How to complete this task:
Only the count should appear in your answer: how many lines of the data below contain the word "perpendicular"?

---------------

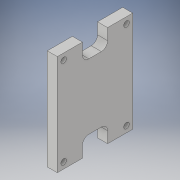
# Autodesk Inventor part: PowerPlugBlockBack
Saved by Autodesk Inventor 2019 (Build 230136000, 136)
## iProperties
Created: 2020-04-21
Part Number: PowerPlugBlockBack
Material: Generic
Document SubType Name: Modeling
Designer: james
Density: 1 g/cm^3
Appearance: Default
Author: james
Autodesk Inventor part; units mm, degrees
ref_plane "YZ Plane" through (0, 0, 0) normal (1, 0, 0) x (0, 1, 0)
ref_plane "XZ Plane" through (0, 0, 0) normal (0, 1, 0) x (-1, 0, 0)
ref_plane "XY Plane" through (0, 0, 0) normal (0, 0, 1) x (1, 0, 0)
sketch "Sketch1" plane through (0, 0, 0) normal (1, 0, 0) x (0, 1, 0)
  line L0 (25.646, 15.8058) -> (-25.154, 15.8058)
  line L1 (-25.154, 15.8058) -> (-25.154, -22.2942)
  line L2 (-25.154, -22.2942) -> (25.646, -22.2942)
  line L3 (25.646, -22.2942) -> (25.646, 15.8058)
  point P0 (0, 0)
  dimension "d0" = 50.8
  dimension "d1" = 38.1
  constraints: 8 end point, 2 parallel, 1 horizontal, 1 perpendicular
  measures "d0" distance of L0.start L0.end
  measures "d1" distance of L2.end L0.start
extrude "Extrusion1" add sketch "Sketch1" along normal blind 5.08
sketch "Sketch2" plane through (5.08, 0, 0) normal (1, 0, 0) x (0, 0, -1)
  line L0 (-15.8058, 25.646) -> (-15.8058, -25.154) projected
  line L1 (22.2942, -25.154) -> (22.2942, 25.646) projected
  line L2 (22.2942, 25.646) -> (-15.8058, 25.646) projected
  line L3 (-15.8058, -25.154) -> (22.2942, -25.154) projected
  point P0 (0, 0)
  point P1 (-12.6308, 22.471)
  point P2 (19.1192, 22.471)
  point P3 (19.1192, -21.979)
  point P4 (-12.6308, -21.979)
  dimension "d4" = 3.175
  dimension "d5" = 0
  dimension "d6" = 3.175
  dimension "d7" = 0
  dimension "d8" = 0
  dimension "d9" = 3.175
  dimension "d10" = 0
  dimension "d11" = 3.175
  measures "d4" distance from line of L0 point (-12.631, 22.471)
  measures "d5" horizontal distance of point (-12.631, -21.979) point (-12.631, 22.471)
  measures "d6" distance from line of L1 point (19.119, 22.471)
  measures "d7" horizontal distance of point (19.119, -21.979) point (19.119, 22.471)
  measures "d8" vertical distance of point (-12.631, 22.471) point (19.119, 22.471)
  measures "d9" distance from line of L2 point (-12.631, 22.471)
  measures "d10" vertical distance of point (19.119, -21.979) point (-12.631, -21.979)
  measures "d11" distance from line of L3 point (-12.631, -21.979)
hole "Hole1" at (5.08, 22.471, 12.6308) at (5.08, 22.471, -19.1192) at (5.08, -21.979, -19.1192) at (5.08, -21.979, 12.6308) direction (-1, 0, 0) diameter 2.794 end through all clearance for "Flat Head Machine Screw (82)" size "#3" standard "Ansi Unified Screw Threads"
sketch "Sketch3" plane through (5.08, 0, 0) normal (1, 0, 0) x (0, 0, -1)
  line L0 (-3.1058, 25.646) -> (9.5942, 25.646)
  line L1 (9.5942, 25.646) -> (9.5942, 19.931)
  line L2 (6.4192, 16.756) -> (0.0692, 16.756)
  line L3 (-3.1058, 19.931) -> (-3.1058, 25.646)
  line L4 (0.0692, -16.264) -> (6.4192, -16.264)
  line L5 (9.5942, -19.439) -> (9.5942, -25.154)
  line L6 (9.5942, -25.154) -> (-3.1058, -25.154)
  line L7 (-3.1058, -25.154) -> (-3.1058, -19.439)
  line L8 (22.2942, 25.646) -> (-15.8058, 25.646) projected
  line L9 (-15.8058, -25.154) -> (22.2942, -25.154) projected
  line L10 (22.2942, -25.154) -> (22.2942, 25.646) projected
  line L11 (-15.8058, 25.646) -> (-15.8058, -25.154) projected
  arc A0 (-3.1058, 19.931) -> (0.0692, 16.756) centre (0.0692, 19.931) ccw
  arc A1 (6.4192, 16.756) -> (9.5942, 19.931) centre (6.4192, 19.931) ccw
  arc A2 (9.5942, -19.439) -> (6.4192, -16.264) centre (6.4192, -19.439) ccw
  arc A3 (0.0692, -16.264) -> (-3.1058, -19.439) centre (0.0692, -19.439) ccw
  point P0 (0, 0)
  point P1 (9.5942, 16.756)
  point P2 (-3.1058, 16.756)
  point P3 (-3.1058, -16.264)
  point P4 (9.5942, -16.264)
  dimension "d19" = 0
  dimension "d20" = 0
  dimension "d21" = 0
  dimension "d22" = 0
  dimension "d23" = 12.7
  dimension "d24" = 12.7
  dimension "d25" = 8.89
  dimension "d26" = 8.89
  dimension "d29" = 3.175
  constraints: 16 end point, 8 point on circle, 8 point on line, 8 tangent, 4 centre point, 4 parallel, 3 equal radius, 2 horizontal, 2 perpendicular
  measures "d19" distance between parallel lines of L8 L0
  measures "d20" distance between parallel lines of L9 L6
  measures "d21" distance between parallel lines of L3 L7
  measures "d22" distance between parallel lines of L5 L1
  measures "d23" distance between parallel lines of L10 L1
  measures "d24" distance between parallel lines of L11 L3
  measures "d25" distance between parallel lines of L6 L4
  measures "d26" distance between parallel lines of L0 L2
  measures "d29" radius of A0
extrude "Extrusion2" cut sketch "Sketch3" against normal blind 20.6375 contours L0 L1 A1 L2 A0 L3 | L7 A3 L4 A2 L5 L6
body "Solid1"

---------------

Solved problem:
2